# DATA SECTION
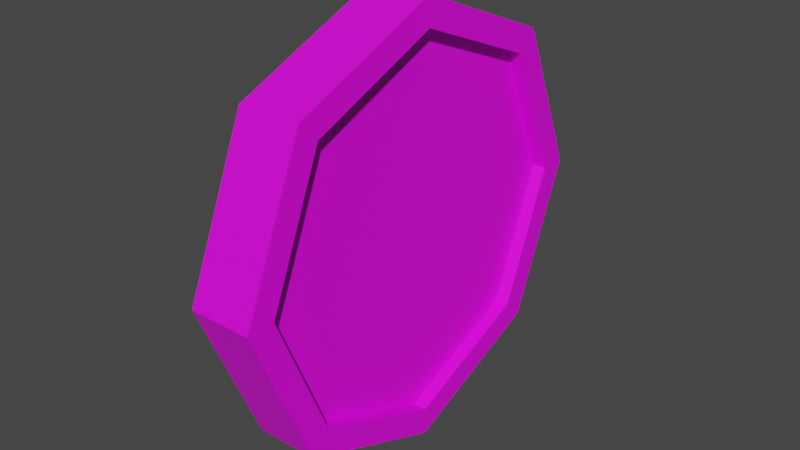 # Source: coin.blend  (saved by Blender 3.4.6; exported with 4.5.12 LTS)
import bpy
from mathutils import Matrix  # noqa: F401  (used for matrix-valued properties, if any)

bpy.ops.wm.read_factory_settings(use_empty=True)
scene = bpy.context.scene
scene.name = 'Scene'

# ---- collections
col_collection = bpy.data.collections.new('Collection'); scene.collection.children.link(col_collection)

# ---- images (referenced by path relative to the original .blend; pixels are not part of the script)
import os
ASSET_DIR = os.environ.get("B2B_ASSET_DIR", "")  # directory of the original .blend (textures are referenced by path, not embedded)
HERE = os.path.dirname(os.path.abspath(__file__))  # packed textures are extracted next to this script under _unpacked/

def load_image(name, relpath, width, height, colorspace="sRGB"):
    """Load a texture the original file referenced (path relative to the .blend, or extracted next to this script)."""
    p = next((c for c in (os.path.join(HERE, relpath), os.path.join(ASSET_DIR, relpath)) if relpath and os.path.exists(c)), "")
    if p:
        img = bpy.data.images.load(p, check_existing=True)
        img.name = name
    else:  # same state as the original file: an image datablock whose file is absent (Cycles renders it pink)
        img = bpy.data.images.new(name, width, height)
        img.source = "FILE"
        img.filepath = "//" + (relpath or name)
    img.colorspace_settings.name = colorspace
    return img
img_tbcnbafq_png = load_image('TBCNBafQ.png', 'TBCNBafQ.png', 1024, 1024, 'sRGB')

# ---- materials (node trees are filled in below, after node groups)
mat_material_002 = bpy.data.materials.new('Material.002')
mat_material_002.use_transparent_shadow = False

# ---- material node trees
mat_material_002.use_nodes = True; mat_material_002.node_tree.nodes.clear()
_N = mat_material_002.node_tree.nodes; _L = mat_material_002.node_tree.links
n0 = _N.new('ShaderNodeBsdfPrincipled'); n0.name = 'Principled BSDF'; n0.location = (10, 300)
n0.distribution = 'GGX'
n0.subsurface_method = 'RANDOM_WALK_SKIN'
n0.inputs[3].default_value = 1.45
n0.inputs[27].default_value = (0.0, 0.0, 0.0, 1.0)
n0.inputs[28].default_value = 1.0
n1 = _N.new('ShaderNodeOutputMaterial'); n1.name = 'Material Output'; n1.location = (300, 300)
n2 = _N.new('ShaderNodeTexImage'); n2.name = 'Image Texture'; n2.location = (-319, 206)
n2.image = img_tbcnbafq_png
n2.interpolation = 'Closest'
_L.new(n0.outputs[0], n1.inputs[0])
_L.new(n2.outputs[0], n0.inputs[0])
n1.is_active_output = True

# ---- world
world_world = bpy.data.worlds.new('World'); scene.world = world_world
world_world.use_nodes = True; world_world.node_tree.nodes.clear()
_N = world_world.node_tree.nodes; _L = world_world.node_tree.links
n0 = _N.new('ShaderNodeOutputWorld'); n0.name = 'World Output'; n0.location = (300, 300)
n1 = _N.new('ShaderNodeBackground'); n1.name = 'Background'; n1.location = (10, 300)
n1.inputs[0].default_value = (0.05088, 0.05088, 0.05088, 1.0)
_L.new(n1.outputs[0], n0.inputs[0])
n0.is_active_output = True
world_world.color = (0.05088, 0.05088, 0.05088)
world_world.use_sun_shadow = False
world_world.sun_shadow_jitter_overblur = 0.0

# ---- meshes
me_cylinder_002 = bpy.data.meshes.new('Cylinder.002')
me_cylinder_002.from_pydata([(-0.1475, 0.8955, 0.01996), (0.1423, 0.8711, 0.01996), (-0.1475, 0.6332, -0.6132), (0.1423, 0.616, -0.596), (-0.1475, 0.0, -0.8755), (0.1423, 0.0, -0.8512), (-0.1475, -0.6332, -0.6132), (0.1423, -0.616, -0.596), (-0.1475, -0.8955, 0.01996), (0.1423, -0.8711, 0.01996), (-0.1475, -0.6332, 0.6532), (0.1423, -0.616, 0.6359), (-0.1475, 0.0, 0.9154), (0.1423, 0.0, 0.8911), (-0.1475, 0.6332, 0.6532), (0.1423, 0.616, 0.6359), (0.1423, 0.7071, -0.6871), (0.1423, 1.0, 0.01996), (0.1423, 0.0, -0.98), (0.1423, -0.7071, -0.6871), (0.1423, -1.0, 0.01996), (0.1423, -0.7071, 0.7271), (0.1423, 0.0, 1.02), (0.1423, 0.7071, 0.7271), (0.02604, 0.616, -0.596), (0.02604, 0.8711, 0.01996), (0.02604, 0.0, -0.8512), (0.02604, -0.616, -0.596), (0.02604, -0.8711, 0.01996), (0.02604, -0.616, 0.6359), (0.02604, 0.0, 0.8911), (0.02604, 0.616, 0.6359), (0.0796, 0.616, -0.596), (0.0796, 0.8711, 0.01996), (0.0796, 0.0, -0.8512), (0.0796, -0.616, -0.596), (0.0796, -0.8711, 0.01996), (0.0796, -0.616, 0.6359), (0.0796, 0.0, 0.8911), (0.0796, 0.616, 0.6359), (-0.1475, 1.0, 0.01996), (-0.1475, 0.7071, -0.6871), (-0.1475, 0.0, -0.98), (-0.1475, -0.7071, -0.6871), (-0.1475, -1.0, 0.01996), (-0.1475, -0.7071, 0.7271), (-0.1475, 0.0, 1.02), (-0.1475, 0.7071, 0.7271), (-0.09531, 0.8955, 0.01996), (-0.09531, 0.6332, -0.6132), (-0.09531, 0.0, -0.8755), (-0.09531, -0.6332, -0.6132), (-0.09531, -0.8955, 0.01996), (-0.09531, -0.6332, 0.6532), (-0.09531, 0.0, 0.9154), (-0.09531, 0.6332, 0.6532), (-0.09531, -0.328, 0.4638), (-0.09531, -0.01925, 0.6861), (-0.09531, 0.2829, 0.4412), (-0.09531, -0.3898, -0.2102), (-0.09531, 0.01656, -0.5777), (-0.09531, 0.3774, -0.2467), (-0.09531, 0.3232, -0.2069), (-0.09531, 0.01317, -0.5233), (-0.09531, -0.3231, -0.2116), (-0.09531, 0.3526, 0.4544), (-0.09531, -0.009934, 0.7362), (-0.09531, -0.3709, 0.4832), (-0.09531, -0.1638, 0.00861), (-0.09531, -0.2084, -0.03451), (-0.09531, -0.2098, -0.09999), (-0.09531, -0.1645, -0.05534), (-0.09531, -0.1678, -0.3555), (-0.09531, -0.2146, -0.3122), (-0.09531, -0.1951, 0.5595), (-0.09531, -0.1576, 0.5865), (-0.09531, -0.1571, 0.633), (-0.09531, -0.194, 0.6071), (-0.09531, -0.2158, -0.3675), (-0.09531, -0.1684, -0.4104), (-0.09531, -0.2224, -0.6635), (-0.09531, -0.1712, -0.6685), (-0.09531, -0.1908, 0.7523), (-0.09531, -0.1557, 0.7552), (-0.09531, 0.2588, -0.2726), (-0.09531, 0.2181, -0.3142), (-0.09531, 0.25, 0.5341), (-0.09531, 0.2135, 0.5625), (-0.09531, 0.2148, 0.3186), (-0.09531, 0.252, 0.3552), (-0.09531, 0.2138, 0.4972), (-0.09531, 0.2508, 0.4673), (-0.09531, 0.2185, -0.3924), (-0.09531, 0.2597, -0.3547), (-0.09531, 0.2514, 0.4106), (-0.09531, 0.2145, 0.3749), (-0.09531, 0.2631, -0.6659), (-0.09531, 0.22, -0.6665), (-0.09531, 0.2477, 0.748), (-0.09531, 0.2125, 0.7524), (-0.09531, 0.06588, -0.4695), (-0.09531, 0.06595, -0.5324), (-0.09531, 0.06471, 0.6782), (-0.09531, 0.007018, 0.723), (-0.09531, 0.009271, 0.116), (-0.09531, 0.06523, 0.1711), (-0.09531, 0.01164, -0.5219), (-0.09531, 0.06517, 0.2304), (-0.09531, 0.009048, 0.176), (-0.09531, 0.007235, 0.6647), (-0.09531, 0.06477, 0.618), (-0.09531, 0.01183, -0.5734), (-0.09531, 0.06608, -0.6599), (-0.09531, 0.01215, -0.6606), (-0.09531, 0.06463, 0.7555), (-0.09531, 0.006846, 0.7693), (0.0796, 0.3899, 0.385), (0.0796, 0.009865, 0.6501), (0.0796, -0.4014, 0.3838), (0.0796, 0.3867, -0.3692), (0.0796, -0.02955, -0.6889), (0.0796, -0.5069, -0.2919), (0.0796, -0.4373, -0.2601), (0.0796, -0.0419, -0.6221), (0.0796, 0.3083, -0.3749), (0.0796, -0.4842, 0.3977), (0.0796, -0.01128, 0.7081), (0.0796, 0.4349, 0.4144), (0.0796, 0.2356, -0.2249), (0.0796, 0.2893, -0.2762), (0.0796, 0.2906, -0.3575), (0.0796, 0.2364, -0.3047), (0.0796, 0.2375, -0.4249), (0.0796, 0.291, -0.3871), (0.0796, 0.2777, 0.4632), (0.0796, 0.2288, 0.4974), (0.0796, 0.2283, 0.5504), (0.0796, 0.2769, 0.5184), (0.0796, 0.2919, -0.442), (0.0796, 0.2381, -0.4834), (0.0796, 0.274, 0.7014), (0.0796, 0.2269, 0.6954), (0.0796, 0.2952, -0.6541), (0.0796, 0.2397, -0.6591), (0.0796, 0.006256, 0.6478), (0.0796, 0.006168, 0.6966), (0.0796, 0.0777, 0.6495), (0.0796, 0.08107, -0.1533), (0.0796, 0.007578, -0.08168), (0.0796, 0.008493, -0.5865), (0.0796, 0.08266, -0.5342), (0.0796, 0.007443, -0.006833), (0.0796, 0.08074, -0.07688), (0.0796, 0.07789, 0.6027), (0.0796, 0.08295, -0.6025), (0.0796, 0.008625, -0.6596), (0.0796, 0.07733, 0.7355), (0.0796, 0.00606, 0.7539), (0.0796, 0.08334, -0.6944), (0.0796, 0.008698, -0.7022), (0.0796, -0.3254, -0.3626), (0.0796, -0.2797, -0.4044), (0.0796, -0.3174, 0.5072), (0.0796, -0.2658, 0.541), (0.0796, -0.3193, 0.3054), (0.0796, -0.27, 0.2583), (0.0796, -0.271, 0.1898), (0.0796, -0.3199, 0.2375), (0.0796, -0.2669, 0.4709), (0.0796, -0.318, 0.4378), (0.0796, -0.2808, -0.4799), (0.0796, -0.3261, -0.4423), (0.0796, -0.3156, 0.7091), (0.0796, -0.2634, 0.706), (0.0796, -0.3279, -0.6398), (0.0796, -0.2832, -0.6411)], [], [(40, 17, 16, 41), (41, 16, 18, 42), (42, 18, 19, 43), (43, 19, 20, 44), (44, 20, 21, 45), (45, 21, 22, 46), (15, 13, 30, 31), (46, 22, 23, 47), (47, 23, 17, 40), (0, 2, 49, 48), (1, 3, 16, 17), (3, 5, 18, 16), (5, 7, 19, 18), (7, 9, 20, 19), (9, 11, 21, 20), (11, 13, 22, 21), (13, 15, 23, 22), (15, 1, 17, 23), (26, 24, 32, 34), (11, 9, 28, 29), (7, 5, 26, 27), (3, 1, 25, 24), (1, 15, 31, 25), (13, 11, 29, 30), (9, 7, 27, 28), (5, 3, 24, 26), (32, 33, 39, 127, 116, 134, 129, 119, 138, 142, 143, 139, 154, 158, 159, 155, 120, 170, 175, 174, 171, 121, 35, 34), (31, 30, 38, 39), (29, 28, 36, 37), (27, 26, 34, 35), (24, 25, 33, 32), (25, 31, 39, 33), (30, 29, 37, 38), (28, 27, 35, 36), (2, 0, 40, 41), (4, 2, 41, 42), (6, 4, 42, 43), (8, 6, 43, 44), (10, 8, 44, 45), (12, 10, 45, 46), (14, 12, 46, 47), (0, 14, 47, 40), (48, 49, 61, 62, 84, 89, 65, 86, 98, 99, 87, 102, 114, 115, 103, 66, 76, 83, 82, 77, 67, 56, 74, 69, 59, 51, 52, 53, 54, 55), (14, 0, 48, 55), (10, 12, 54, 53), (6, 8, 52, 51), (2, 4, 50, 49), (12, 14, 55, 54), (8, 10, 53, 52), (4, 6, 51, 50), (51, 59, 78, 80, 81, 79, 111, 113, 112, 101, 92, 97, 96, 93, 61, 49, 50), (60, 111, 106, 63, 100, 101), (79, 81, 80, 78), (72, 79, 78, 73), (73, 78, 59, 69, 70, 64), (70, 69, 68, 71), (71, 68, 108, 104), (76, 75, 74, 77), (77, 74, 56, 67), (69, 74, 75, 68), (68, 75, 57, 109, 108), (77, 82, 83, 76), (71, 72, 73, 70), (70, 73, 64), (95, 90, 91, 94), (94, 91, 58), (93, 96, 97, 92), (92, 85, 84, 93), (93, 84, 62, 61), (87, 99, 98, 86), (89, 84, 85, 88), (88, 85, 100, 105), (88, 95, 94, 89), (89, 94, 58, 91, 86, 65), (86, 91, 90, 87), (87, 90, 110, 102), (108, 109, 110, 107), (107, 110, 90, 95), (101, 112, 113, 111, 60), (105, 100, 63, 106, 104), (104, 106, 72, 71), (101, 100, 85, 92), (106, 111, 79, 72), (103, 115, 114, 102), (102, 110, 109, 103), (103, 109, 57, 75, 76, 66), (104, 108, 107, 105), (105, 107, 95, 88), (35, 121, 122, 160, 167, 125, 162, 172, 173, 163, 126, 145, 157, 156, 146, 136, 141, 140, 137, 127, 39, 38, 37, 36), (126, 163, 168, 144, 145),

# YOUR INSTRUCTIONS
From the records above, print only the lines between the one holding "path, not embedded)" and the one holding "n0.inputs[3].default_value = 1.45", inclusive, exactly as they stand.

# YOUR SOLUTION
ASSET_DIR = os.environ.get("B2B_ASSET_DIR", "")  # directory of the original .blend (textures are referenced by path, not embedded)
HERE = os.path.dirname(os.path.abspath(__file__))  # packed textures are extracted next to this script under _unpacked/

def load_image(name, relpath, width, height, colorspace="sRGB"):
    """Load a texture the original file referenced (path relative to the .blend, or extracted next to this script)."""
    p = next((c for c in (os.path.join(HERE, relpath), os.path.join(ASSET_DIR, relpath)) if relpath and os.path.exists(c)), "")
    if p:
        img = bpy.data.images.load(p, check_existing=True)
        img.name = name
    else:  # same state as the original file: an image datablock whose file is absent (Cycles renders it pink)
        img = bpy.data.images.new(name, width, height)
        img.source = "FILE"
        img.filepath = "//" + (relpath or name)
    img.colorspace_settings.name = colorspace
    return img
img_tbcnbafq_png = load_image('TBCNBafQ.png', 'TBCNBafQ.png', 1024, 1024, 'sRGB')

# ---- materials (node trees are filled in below, after node groups)
mat_material_002 = bpy.data.materials.new('Material.002')
mat_material_002.use_transparent_shadow = False

# ---- material node trees
mat_material_002.use_nodes = True; mat_material_002.node_tree.nodes.clear()
_N = mat_material_002.node_tree.nodes; _L = mat_material_002.node_tree.links
n0 = _N.new('ShaderNodeBsdfPrincipled'); n0.name = 'Principled BSDF'; n0.location = (10, 300)
n0.distribution = 'GGX'
n0.subsurface_method = 'RANDOM_WALK_SKIN'
n0.inputs[3].default_value = 1.45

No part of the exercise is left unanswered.